# Apartment repaints pricing?



## Wetpaint (Feb 21, 2006)

Guys, new here but looks like some people know their stuff. I have created a spreadsheet where I'm looking at anywhere from .21 to .50 sq/ft for bidding apartment repaints. I have aaaaaaaallllllllllloooooooootttttttt of them, so please spare the "good luck" rants. 

1.Anyone have any experience with regards to an average sq/ft price for apartment re-paints with regards to supplying and not supplying paint?

2.Looking for sq/ftg pricing in the michigan area.

3.My amigos will be helping out. What should I pay? Based by the unit to give incentive to finish more of them daily?

Thanks for the feedback.


----------



## JMGP (Mar 29, 2005)

Wetpaint said:


> Guys, new here but looks like some people know their stuff. I have created a spreadsheet where I'm looking at anywhere from .21 to .50 sq/ft for bidding apartment repaints. I have aaaaaaaallllllllllloooooooootttttttt of them, so please spare the "good luck" rants.
> 
> 1.Anyone have any experience with regards to an average sq/ft price for apartment re-paints with regards to supplying and not supplying paint?
> 
> ...



I hope that .21 and .50 is sq ft "Wall" space?

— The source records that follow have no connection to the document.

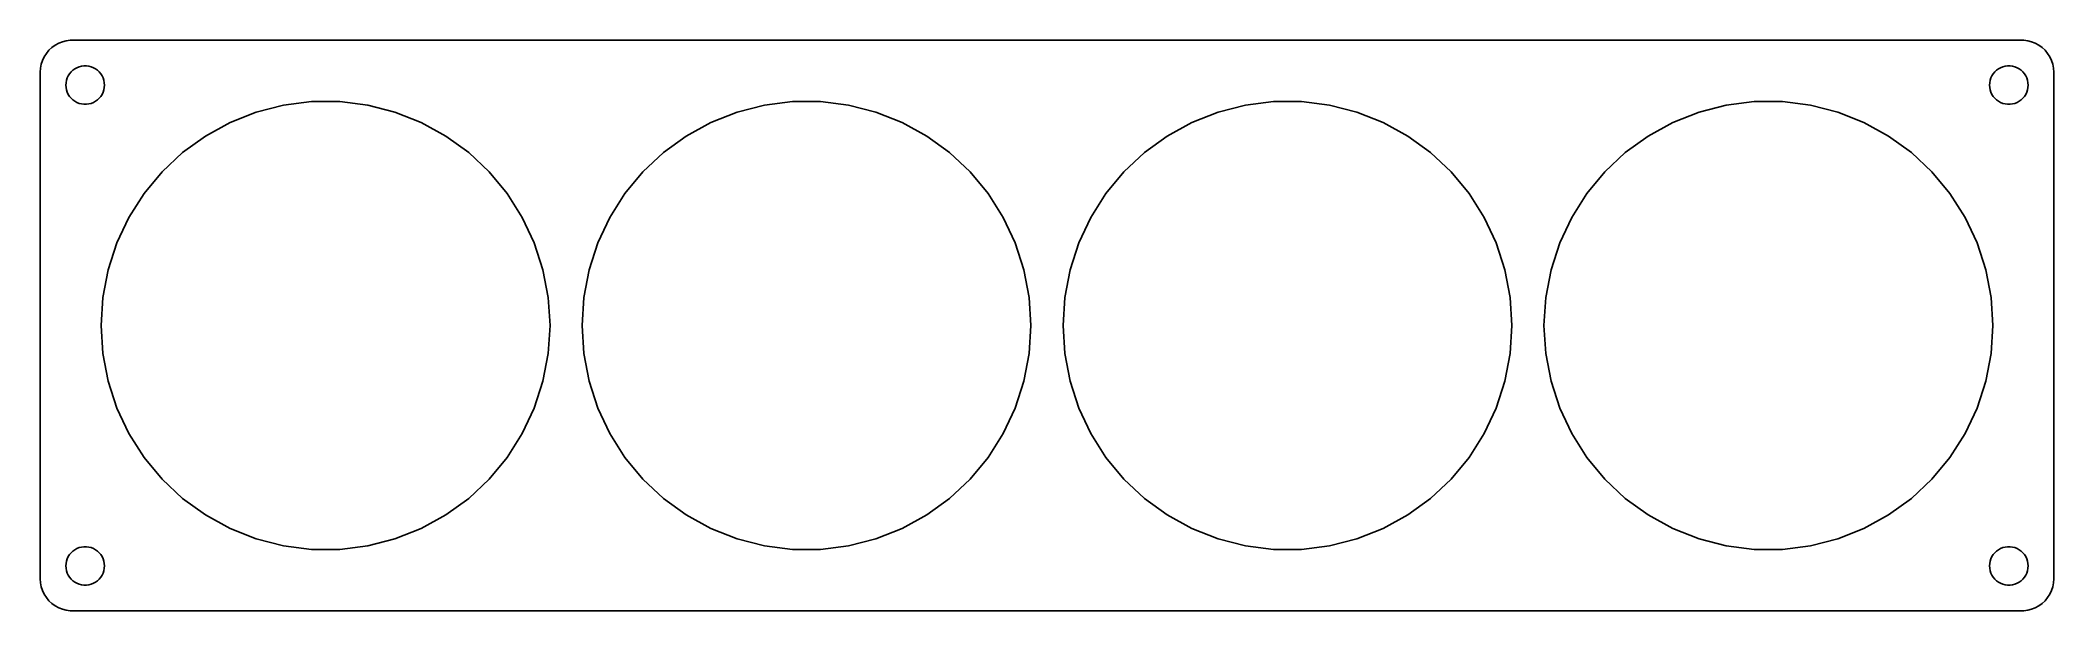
# Model space of a CAD drawing. Header units: metres. Extents: x -157 to 157, y 55 to 143.
import ezdxf

# ---------------------------------------------------------------- set-up
doc = ezdxf.new("R2010")
doc.units = ezdxf.units.M

msp = doc.modelspace()

# ---------------------------------------------------------------- linework, layer by layer
for p, q in [((-156.045, 141.439), (-156.382, 140.909)), ((-155.645, 141.923), (-156.045, 141.439)), ((-155.187, 142.353), (-155.645, 141.923)), ((-154.679, 142.722), (-155.187, 142.353)), ((-154.129, 143.024), (-154.679, 142.722)), ((-153.545, 143.255), (-154.129, 143.024)), ((-152.937, 143.411), (-153.545, 143.255)), ((-152.314, 143.49), (-152.937, 143.411)), ((152.314, 143.49), (-152.314, 143.49)), ((152.937, 143.411), (152.314, 143.49)), ((153.545, 143.255), (152.937, 143.411)), ((154.129, 143.024), (153.545, 143.255)), ((154.679, 142.722), (154.129, 143.024)), ((155.187, 142.353), (154.679, 142.722)), ((155.645, 141.923), (155.187, 142.353)), ((156.045, 141.439), (155.645, 141.923)), ((156.382, 140.909), (156.045, 141.439)), ((-156.961, 139.127), (-157, 138.5)), ((-157, 138.5), (-157, 59.5)), ((-156.843, 139.743), (-156.961, 139.127)), ((-156.649, 140.341), (-156.843, 139.743)), ((-156.382, 140.909), (-156.649, 140.341)), ((-152.629, 137.945), (-152.427, 138.263)), ((-152.427, 138.263), (-152.187, 138.554)), ((-152.187, 138.554), (-151.912, 138.812)), ((-151.912, 138.812), (-151.607, 139.033)), ((-151.607, 139.033), (-151.277, 139.214)), ((-151.277, 139.214), (-150.927, 139.353)), ((-150.927, 139.353), (-150.562, 139.447)), ((-150.562, 139.447), (-150.188, 139.494)), ((-150.188, 139.494), (-149.812, 139.494)), ((-149.812, 139.494), (-149.438, 139.447)), ((-149.438, 139.447), (-149.073, 139.353)), ((-149.073, 139.353), (-148.723, 139.214)), ((-148.723, 139.214), (-148.393, 139.033)), ((-148.393, 139.033), (-148.088, 138.812)), ((-148.088, 138.812), (-147.813, 138.554)), ((-147.813, 138.554), (-147.573, 138.263)), ((-147.573, 138.263), (-147.371, 137.945)), ((147.371, 137.945), (147.573, 138.263)), ((147.573, 138.263), (147.813, 138.554)), ((147.813, 138.554), (148.088, 138.812)), ((148.088, 138.812), (148.393, 139.033)), ((148.393, 139.033), (148.723, 139.214)), ((148.723, 139.214), (149.073, 139.353)), ((149.073, 139.353), (149.438, 139.447)), ((149.438, 139.447), (149.812, 139.494)), ((149.812, 139.494), (150.188, 139.494)), ((150.188, 139.494), (150.562, 139.447)), ((150.562, 139.447), (150.927, 139.353)), ((150.927, 139.353), (151.277, 139.214)), ((151.277, 139.214), (151.607, 139.033)), ((151.607, 139.033), (151.912, 138.812)), ((151.912, 138.812), (152.187, 138.554)), ((152.187, 138.554), (152.427, 138.263)), ((152.427, 138.263), (152.629, 137.945)), ((156.649, 140.341), (156.382, 140.909)), ((156.843, 139.743), (156.649, 140.341)), ((156.961, 139.127), (156.843, 139.743)), ((157, 138.5), (156.961, 139.127)), ((157, 59.5), (157, 138.5)), ((-153, 136.5), (-152.976, 136.876)), ((-152.976, 136.124), (-153, 136.5)), ((-152.976, 136.876), (-152.906, 137.246)), ((-152.906, 135.754), (-152.976, 136.124)), ((-152.906, 137.246), (-152.789, 137.604)), ((-152.789, 135.396), (-152.906, 135.754)), ((-152.789, 137.604), (-152.629, 137.945)), ((-152.629, 135.055), (-152.789, 135.396)), ((-152.427, 134.737), (-152.629, 135.055)), ((-147.371, 135.055), (-147.573, 134.737)), ((-147.371, 137.945), (-147.211, 137.604)), ((-147.211, 135.396), (-147.371, 135.055)), ((-147.211, 137.604), (-147.094, 137.246)), ((-147.094, 135.754), (-147.211, 135.396)), ((-147.094, 137.246), (-147.024, 136.876)), ((-147.024, 136.124), (-147.094, 135.754)), ((-147.024, 136.876), (-147, 136.5)), ((-147, 136.5), (-147.024, 136.124)), ((147, 136.5), (147.024, 136.876)), ((147.024, 136.124), (147, 136.5)), ((147.024, 136.876), (147.094, 137.246)), ((147.094, 135.754), (147.024, 136.124)), ((147.094, 137.246), (147.211, 137.604)), ((147.211, 135.396), (147.094, 135.754)), ((147.211, 137.604), (147.371, 137.945)), ((147.371, 135.055), (147.211, 135.396)), ((147.573, 134.737), (147.371, 135.055)), ((152.629, 135.055), (152.427, 134.737)), ((152.629, 137.945), (152.789, 137.604)), ((152.789, 135.396), (152.629, 135.055)), ((152.789, 137.604), (152.906, 137.246)), ((152.906, 135.754), (152.789, 135.396)), ((152.906, 137.246), (152.976, 136.876)), ((152.976, 136.124), (152.906, 135.754)), ((152.976, 136.876), (153, 136.5)), ((153, 136.5), (152.976, 136.124)), ((-152.187, 134.446), (-152.427, 134.737)), ((-151.912, 134.188), (-152.187, 134.446)), ((-151.607, 133.967), (-151.912, 134.188)), ((-151.277, 133.786), (-151.607, 133.967)), ((-150.927, 133.647), (-151.277, 133.786)), ((-150.562, 133.553), (-150.927, 133.647)), ((-150.188, 133.506), (-150.562, 133.553)), ((-149.812, 133.506), (-150.188, 133.506)), ((-149.438, 133.553), (-149.812, 133.506)), ((-149.073, 133.647), (-149.438, 133.553)), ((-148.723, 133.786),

If it is... it seems you already have a price... If that price will cover your direct and indirect costs... use it...

keep your materials cost seperate....or you could do all the math to figure in the materials in your sq ft price......

Flat rate your "amigo's" per apt....


Joe


----------



## Wetpaint (Feb 21, 2006)

No, that's floor space.

That's right here are what some of my inside property managers were paying others to do the units for.

sqft contracted price
782	$160.00
1084	$220.00
1183	$280.00
726	$260.00
844	$360.00
1142	$390.00
359	$180.00
557	$210.00
778	$225.00
1008	$240.00
938	$200.00
972	$215.00
1185	$235.00
1196	$240.00
1296	$250.00

I figure one guy could finish one a day minimum. Two could probably start to really roll with 3 units a day. I figure I'm basically looking at banking half of each contracted price. I need to avg 2.5 of these a day to meet 50k for the year minimum. Does anyone else think I'm nuts to go this route? No homeowners to deal with, just make em' white and cruise. Call backs in the private sector is the real hidden cost in painting. Now I have eliminated this. That goes for any kind of construction. Take the super or homeowner out and you have a real chance with production type work. I used to work in the production home game. Never, ever go production. Am I nuts here? Has anyone regretted going this route?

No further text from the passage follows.